**Activity:** Among the entries below, find each line holding "blocks" and return it.

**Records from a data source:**
___

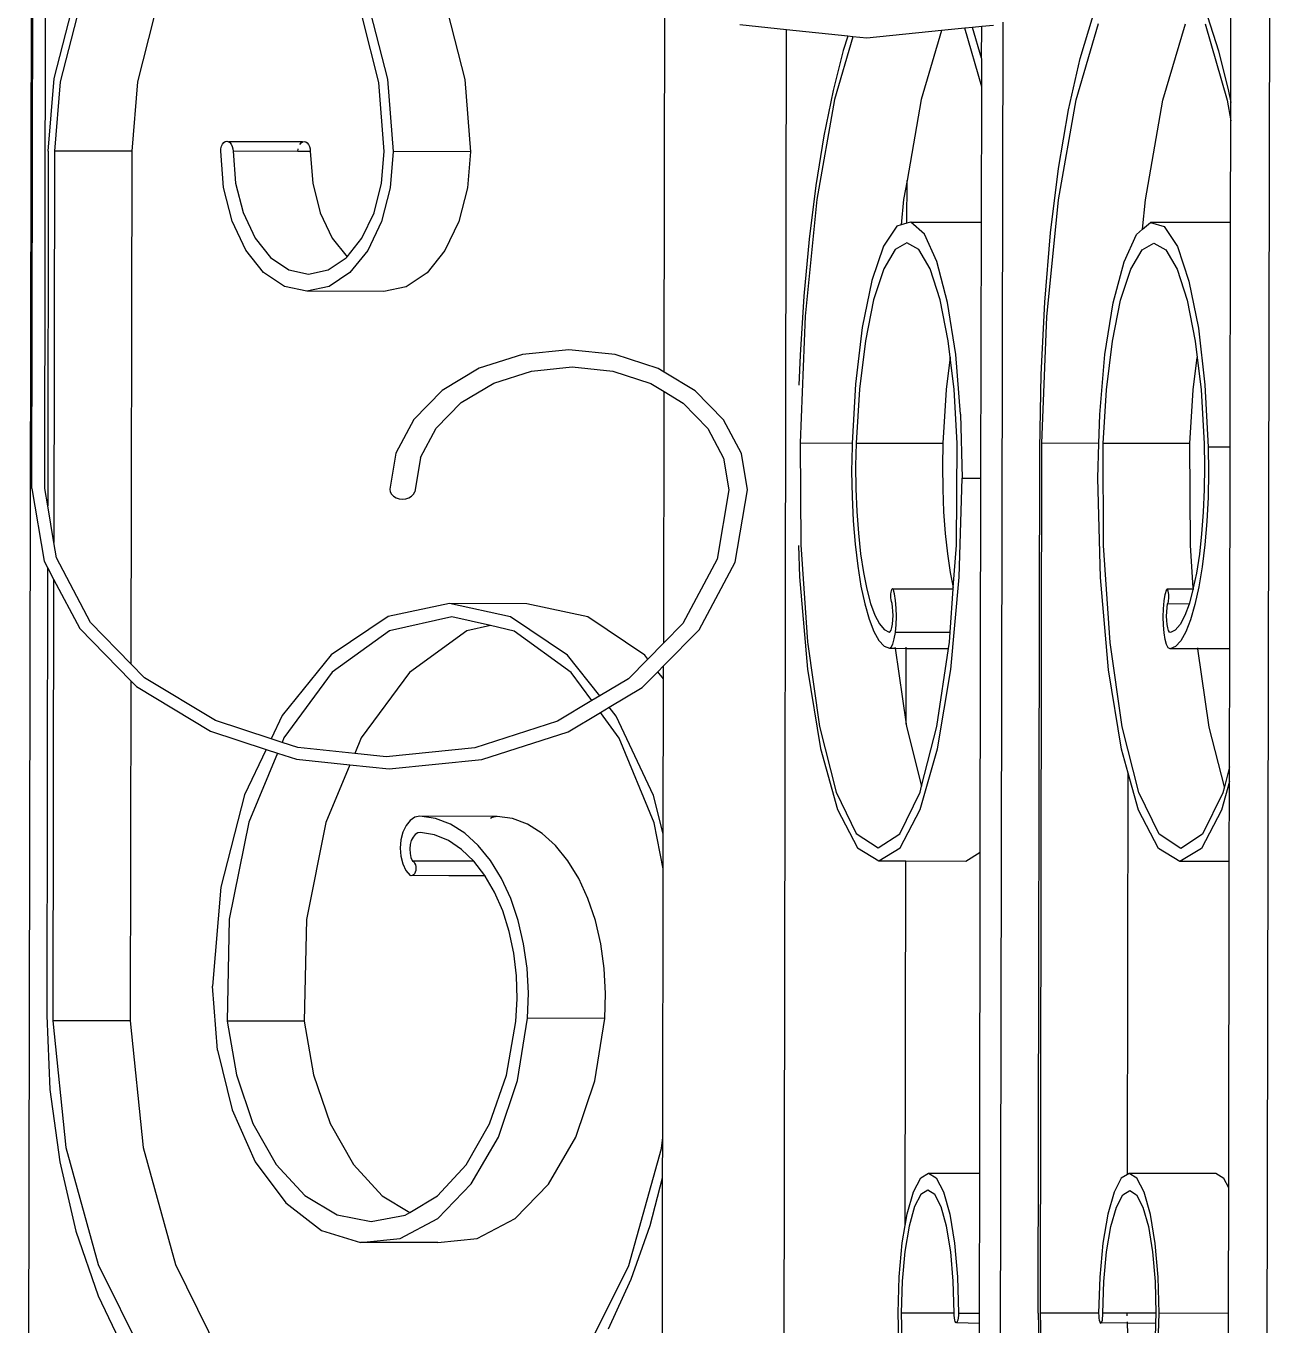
# Model space of a CAD drawing. Header units: millimetres. Extents: x 173236 to 801264, y -94969 to 615039.
# Drawn here: x 298375.4 to 298533.3, y -1700.3 to -1535.5 of the extents above; entities that cross this region are included whole.
import ezdxf

# ---------------------------------------------------------------- set-up
doc = ezdxf.new("R2010")
doc.units = ezdxf.units.MM
doc.header["$MEASUREMENT"] = 0
doc.layers.add('VOX-A-STAIRS-STEPS', color=140, linetype='Continuous')
doc.layers.add('VOX-A-WALL-PATT', color=233, linetype='Continuous')

# ---------------------------------------------------------------- blocks, each defined once
blk = doc.blocks.new('STAIR')
at = {"layer": 'VOX-A-WALL-PATT'}
for p, q in [((293682.29, 697.64), (293683.62, 1423.82)), ((293684.67, 1012.44), (293684.87, 1122.77)), ((293683.05, 1012.44), (293683.25, 1122.12)), ((293839.7, 851.78), (293840.14, 1091.04)), ((293835.15, 1061.42), (293835.19, 1080.69)), ((293685.88, 1064.45), (293688.08, 1073)), ((293725.98, 1072.93), (293728.15, 1064.37)), ((293735.78, 1072.91), (293737.95, 1064.35)), ((293763.26, 1027.2), (293763.35, 1074.36)), ((293688.73, 1072.22), (293686.63, 1064.04)), ((293698.53, 1072.21), (293696.43, 1064.03)), ((293727.05, 1063.97), (293724.97, 1072.16)), ((293778.77, 1070.63), (293772.87, 1071.25)), ((293805.04, 1071.19), (293803.56, 1071.04)), ((293805.85, 845.58), (293806.26, 1071.59)), ((293815.53, 1061.75), (293818.38, 1071.43)), ((293816.04, 1067.01), (293817.7, 1072.47)), ((293826.55, 1061.73), (293829.4, 1071.41)), ((293831.89, 1071.41), (293834.7, 1061.71)), ((293832.2, 1072.34), (293833.6, 1067.95)), ((293778.35, 835.66), (293778.77, 1070.63)), ((293786.56, 1069.82), (293778.77, 1070.63)), ((293787.2, 1069.75), (293784.86, 1061.8)), ((293786.56, 1069.82), (293785.98, 1068.03)), ((293787.2, 1069.75), (293786.56, 1069.82)), ((293788.96, 1069.57), (293787.2, 1069.75)), ((293798.45, 1070.53), (293788.96, 1069.57)), ((293798.45, 1070.53), (293795.88, 1061.78)), ((293801.4, 1070.83), (293798.45, 1070.53)), ((293802.37, 1070.92), (293801.4, 1070.83)), ((293803.55, 1063.42), (293801.4, 1070.83)), ((293803.56, 1071.04), (293802.37, 1070.92)), ((293803.54, 1067.03), (293802.37, 1070.92)), ((293803.54, 1067.03), (293803.56, 1071.04)), ((293785.98, 1068.03), (293784.69, 1062.93)), ((293833.6, 1067.95), (293834.87, 1062.84)), ((293803.55, 1066.95), (293803.54, 1067.03)), ((293803.55, 1063.42), (293803.55, 1066.95)), ((293814.56, 1060.49), (293816.04, 1067.01)), ((293685.12, 1055.26), (293685.88, 1064.45)), ((293686.63, 1064.04), (293685.9, 1055.26)), ((293696.43, 1064.03), (293695.7, 1055.24)), ((293727.74, 1055.19), (293727.05, 1063.97)), ((293728.15, 1064.37), (293728.88, 1055.18)), ((293737.95, 1064.35), (293738.68, 1055.17)), ((293784.69, 1062.93), (293783.53, 1057.18)), ((293803.52, 1046.24), (293803.55, 1063.42)), ((293784.86, 1061.8), (293782.63, 1049.13)), ((293795.88, 1061.78), (293794.08, 1051.52)), ((293813.3, 1049.07), (293815.53, 1061.75)), ((293824.32, 1049.05), (293826.55, 1061.73)), ((293834.7, 1061.71), (293835.15, 1059.1)), ((293834.87, 1062.84), (293835.15, 1061.42)), ((293835.15, 1059.1), (293835.15, 1061.42)), ((293813.31, 1053.06), (293814.56, 1060.49)), ((293835.12, 1046.18), (293835.15, 1059.1)), ((293707.23, 1056.12), (293707.39, 1056.32)), ((293707.39, 1056.32), (293707.58, 1056.45)), ((293707.58, 1056.45), (293707.78, 1056.49)), ((293707.78, 1056.49), (293707.98, 1056.44)), ((293707.98, 1056.44), (293708.17, 1056.32)), ((293717.38, 1056.43), (293707.98, 1056.44)), ((293708.17, 1056.32), (293708.33, 1056.12)), ((293717.03, 1056.1), (293717.19, 1056.3)), ((293717.19, 1056.3), (293717.38, 1056.43)), ((293717.38, 1056.43), (293717.58, 1056.47)), ((293717.58, 1056.47), (293717.78, 1056.43)), ((293717.78, 1056.43), (293717.97, 1056.3)), ((293717.97, 1056.3), (293718.13, 1056.1)), ((293783.53, 1057.18), (293782.52, 1050.87)), ((293685.12, 1055.26), (293685.04, 1010.24)), ((293685.9, 1055.26), (293685.81, 1005.6)), ((293695.7, 1055.24), (293685.9, 1055.26)), ((293695.7, 1055.24), (293695.58, 990.22)), ((293707, 1055.22), (293707.03, 1055.55)), ((293707.36, 1050.63), (293707, 1055.22)), ((293707.03, 1055.55), (293707.1, 1055.86)), ((293707.1, 1055.86), (293707.23, 1056.12)), ((293708.33, 1056.12), (293708.46, 1055.85)), ((293708.46, 1055.85), (293708.53, 1055.55)), ((293708.53, 1055.55), (293708.56, 1055.22)), ((293708.56, 1055.22), (293708.88, 1051.19)), ((293716.8, 1055.21), (293708.56, 1055.22)), ((293716.8, 1055.21), (293716.83, 1055.53)), ((293718.36, 1055.2), (293716.8, 1055.21)), ((293718.13, 1056.1), (293718.26, 1055.84)), ((293718.26, 1055.84), (293718.33, 1055.53)), ((293718.33, 1055.53), (293718.36, 1055.2)), ((293718.36, 1055.2), (293718.68, 1051.18)), ((293727.41, 1051.16), (293727.74, 1055.19)), ((293728.88, 1055.18), (293728.5, 1050.59)), ((293738.68, 1055.17), (293728.88, 1055.18)), ((293738.68, 1055.17), (293738.3, 1050.57)), ((293812.29, 1044.86), (293813.31, 1053.06)), ((293794.08, 1051.52), (293793.65, 1049.11)), ((293794.07, 1046.11), (293794.08, 1051.52)), ((293708.45, 1046.35), (293707.36, 1050.63)), ((293708.88, 1051.19), (293709.83, 1047.44)), ((293718.68, 1051.18), (293719.63, 1047.42)), ((293726.45, 1047.41), (293727.41, 1051.16)), ((293728.5, 1050.59), (293727.4, 1046.32)), ((293738.3, 1050.57), (293737.2, 1046.3)), ((293782.52, 1050.87), (293781.68, 1044.06)), ((293782.63, 1049.13), (293781.15, 1034.29)), ((293793.65, 1049.11), (293793.33, 1045.89)), ((293811.82, 1034.23), (293813.3, 1049.07)), ((293823.95, 1045.33), (293824.32, 1049.05)), ((293709.83, 1047.44), (293711.35, 1044.21)), ((293719.63, 1047.42), (293721.15, 1044.2)), ((293724.92, 1044.19), (293726.45, 1047.41)), ((293710.18, 1042.67), (293708.45, 1046.35)), ((293727.4, 1046.32), (293725.65, 1042.64)), ((293737.2, 1046.3), (293735.45, 1042.63)), ((293792.79, 1045.73), (293791.11, 1043.2)), ((293793.33, 1045.89), (293792.79, 1045.73)), ((293794.07, 1046.11), (293793.33, 1045.89)), ((293794.55, 1046.25), (293794.07, 1046.11)), ((293796.28, 1044.73), (293794.55, 1046.25)), ((293794.55, 1046.25), (293803.52, 1046.24)), ((293797.87, 1041.26), (293796.28, 1044.73)), ((293803.46, 1013.77), (293803.52, 1046.24)), ((293811.55, 1036.08), (293812.29, 1044.86)), ((293823.21, 1044.68), (293823.95, 1045.33)), ((293823.95, 1045.33), (293824.95, 1046.2)), ((293835.12, 1046.18), (293824.95, 1046.2)), ((293824.95, 1046.2), (293826.7, 1045.67)), ((293826.7, 1045.67), (293828.38, 1043.13)), ((293835.07, 1017.71), (293835.12, 1046.18)), ((293711.35, 1044.21), (293713.33, 1041.74)), ((293721.15, 1044.2), (293723.03, 1041.85)), ((293723.03, 1041.85), (293724.92, 1044.19)), ((293781.68, 1044.06), (293781, 1036.85)), ((293791.11, 1043.2), (293789.62, 1038.82)), ((293794.07, 1043.61), (293792.56, 1042.78)), ((293795.59, 1042.77), (293794.07, 1043.61)), ((293821.61, 1041.22), (293823.21, 1044.68)), ((293823.9, 1042.72), (293825.41, 1043.55)), ((293825.41, 1043.55), (293826.93, 1042.71)), ((293828.38, 1043.13), (293829.85, 1038.75)), ((293712.44, 1039.85), (293710.18, 1042.67)), ((293713.33, 1041.74), (293715.64, 1040.18)), ((293720.61, 1040.17), (293722.92, 1041.72)), ((293722.92, 1041.72), (293723.03, 1041.85)), ((293725.65, 1042.64), (293723.38, 1039.83)), ((293735.45, 1042.63), (293733.18, 1039.81)), ((293792.56, 1042.78), (293791.12, 1040.33)), ((293797.02, 1040.32), (293795.59, 1042.77)), ((293822.46, 1040.27), (293823.9, 1042.72)), ((293826.93, 1042.71), (293828.36, 1040.26)), ((293715.08, 1038.07), (293712.44, 1039.85)), ((293715.64, 1040.18), (293718.12, 1039.65)), ((293718.12, 1039.65), (293720.61, 1040.17)), ((293723.38, 1039.83), (293720.74, 1038.06)), ((293733.18, 1039.81), (293730.54, 1038.04)), ((293791.12, 1040.33), (293789.84, 1036.4)), ((293798.29, 1036.38), (293797.02, 1040.32)), ((293799.22, 1036.06), (293797.87, 1041.26)), ((293820.24, 1036.02), (293821.61, 1041.22)), ((293821.18, 1036.34), (293822.46, 1040.27)), ((293828.36, 1040.26), (293829.62, 1036.33)), ((293789.62, 1038.82), (293788.4, 1032.86)), ((293829.85, 1038.75), (293831.05, 1032.78)), ((293717.91, 1037.46), (293715.08, 1038.07)), ((293720.74, 1038.06), (293717.91, 1037.46)), ((293727.71, 1037.44), (293717.91, 1037.46)), ((293730.54, 1038.04), (293727.71, 1037.44)), ((293781, 1036.85), (293780.51, 1029.35)), ((293789.84, 1036.4), (293788.79, 1031.2)), ((293799.31, 1031.19), (293798.29, 1036.38)), ((293800.25, 1029.46), (293799.22, 1036.06)), ((293811.09, 1026.9), (293811.55, 1036.08)), ((293819.19, 1029.43), (293820.24, 1036.02)), ((293820.13, 1031.15), (293821.18, 1036.34)), ((293829.62, 1036.33), (293830.65, 1031.13)), ((293781.15, 1034.29), (293780.53, 1018.23)), ((293811.2, 1018.18), (293811.82, 1034.23)), ((293788.4, 1032.86), (293787.54, 1025.7)), ((293831.05, 1032.78), (293831.88, 1025.62)), ((293751.16, 1030.06), (293745.29, 1029.46)), ((293757.03, 1029.44), (293751.16, 1030.06)), ((293788.79, 1031.2), (293788.03, 1025.03)), ((293799.56, 1029.11), (293799.31, 1031.19)), ((293819.37, 1024.97), (293820.13, 1031.15)), ((293830.65, 1031.13), (293830.9, 1029.05)), ((293745.29, 1029.46), (293739.81, 1027.7)), ((293762.5, 1027.66), (293757.03, 1029.44)), ((293780.51, 1029.35), (293780.36, 1025.56)), ((293799.56, 1029.11), (293799.06, 1025.01)), ((293800.05, 1025.01), (293799.56, 1029.11)), ((293800.88, 1021.87), (293800.25, 1029.46)), ((293818.53, 1021.84), (293819.19, 1029.43)), ((293830.4, 1024.95), (293830.9, 1029.05)), ((293830.9, 1029.05), (293831.39, 1024.95)), ((293739.81, 1027.7), (293735.11, 1024.89)), ((293741.65, 1025.81), (293746.45, 1027.35)), ((293746.45, 1027.35), (293751.6, 1027.87)), ((293751.6, 1027.87), (293756.75, 1027.33)), ((293756.75, 1027.33), (293761.55, 1025.77)), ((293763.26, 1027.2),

___

**Response for this exercise:**
# ---------------------------------------------------------------- blocks, each defined once
blk = doc.blocks.new('STAIR')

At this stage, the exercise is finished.